ABOUT THIS EXERCISE
Nothing in the records may be changed; retype them in full.

START SUPPLIED ENTRIES

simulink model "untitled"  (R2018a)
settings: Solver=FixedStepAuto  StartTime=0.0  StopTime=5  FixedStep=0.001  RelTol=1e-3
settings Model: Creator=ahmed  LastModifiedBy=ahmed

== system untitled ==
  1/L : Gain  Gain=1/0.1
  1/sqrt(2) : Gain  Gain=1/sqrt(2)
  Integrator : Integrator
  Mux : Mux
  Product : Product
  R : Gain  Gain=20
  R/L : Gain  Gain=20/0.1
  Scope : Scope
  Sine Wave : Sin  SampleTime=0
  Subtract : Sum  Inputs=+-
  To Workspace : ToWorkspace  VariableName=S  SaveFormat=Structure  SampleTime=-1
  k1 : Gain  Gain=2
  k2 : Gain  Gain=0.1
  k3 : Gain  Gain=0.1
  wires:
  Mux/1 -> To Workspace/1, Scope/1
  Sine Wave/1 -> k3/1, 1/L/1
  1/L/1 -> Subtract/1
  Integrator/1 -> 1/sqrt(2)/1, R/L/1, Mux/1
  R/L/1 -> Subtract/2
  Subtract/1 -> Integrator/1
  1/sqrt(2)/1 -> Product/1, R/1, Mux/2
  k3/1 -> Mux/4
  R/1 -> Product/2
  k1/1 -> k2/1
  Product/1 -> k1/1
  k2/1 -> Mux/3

END SUPPLIED ENTRIES

TASK SOLUTION
simulink model "untitled"  (R2018a)
settings: Solver=FixedStepAuto  StartTime=0.0  StopTime=5  FixedStep=0.001  RelTol=1e-3
settings Model: Creator=ahmed  LastModifiedBy=ahmed

== system untitled ==
  1/L : Gain  Gain=1/0.1
  1/sqrt(2) : Gain  Gain=1/sqrt(2)
  Integrator : Integrator
  Mux : Mux
  Product : Product
  R : Gain  Gain=20
  R/L : Gain  Gain=20/0.1
  Scope : Scope
  Sine Wave : Sin  SampleTime=0
  Subtract : Sum  Inputs=+-
  To Workspace : ToWorkspace  VariableName=S  SaveFormat=Structure  SampleTime=-1
  k1 : Gain  Gain=2
  k2 : Gain  Gain=0.1
  k3 : Gain  Gain=0.1
  wires:
  Mux/1 -> To Workspace/1, Scope/1
  Sine Wave/1 -> k3/1, 1/L/1
  1/L/1 -> Subtract/1
  Integrator/1 -> 1/sqrt(2)/1, R/L/1, Mux/1
  R/L/1 -> Subtract/2
  Subtract/1 -> Integrator/1
  1/sqrt(2)/1 -> Product/1, R/1, Mux/2
  k3/1 -> Mux/4
  R/1 -> Product/2
  k1/1 -> k2/1
  Product/1 -> k1/1
  k2/1 -> Mux/3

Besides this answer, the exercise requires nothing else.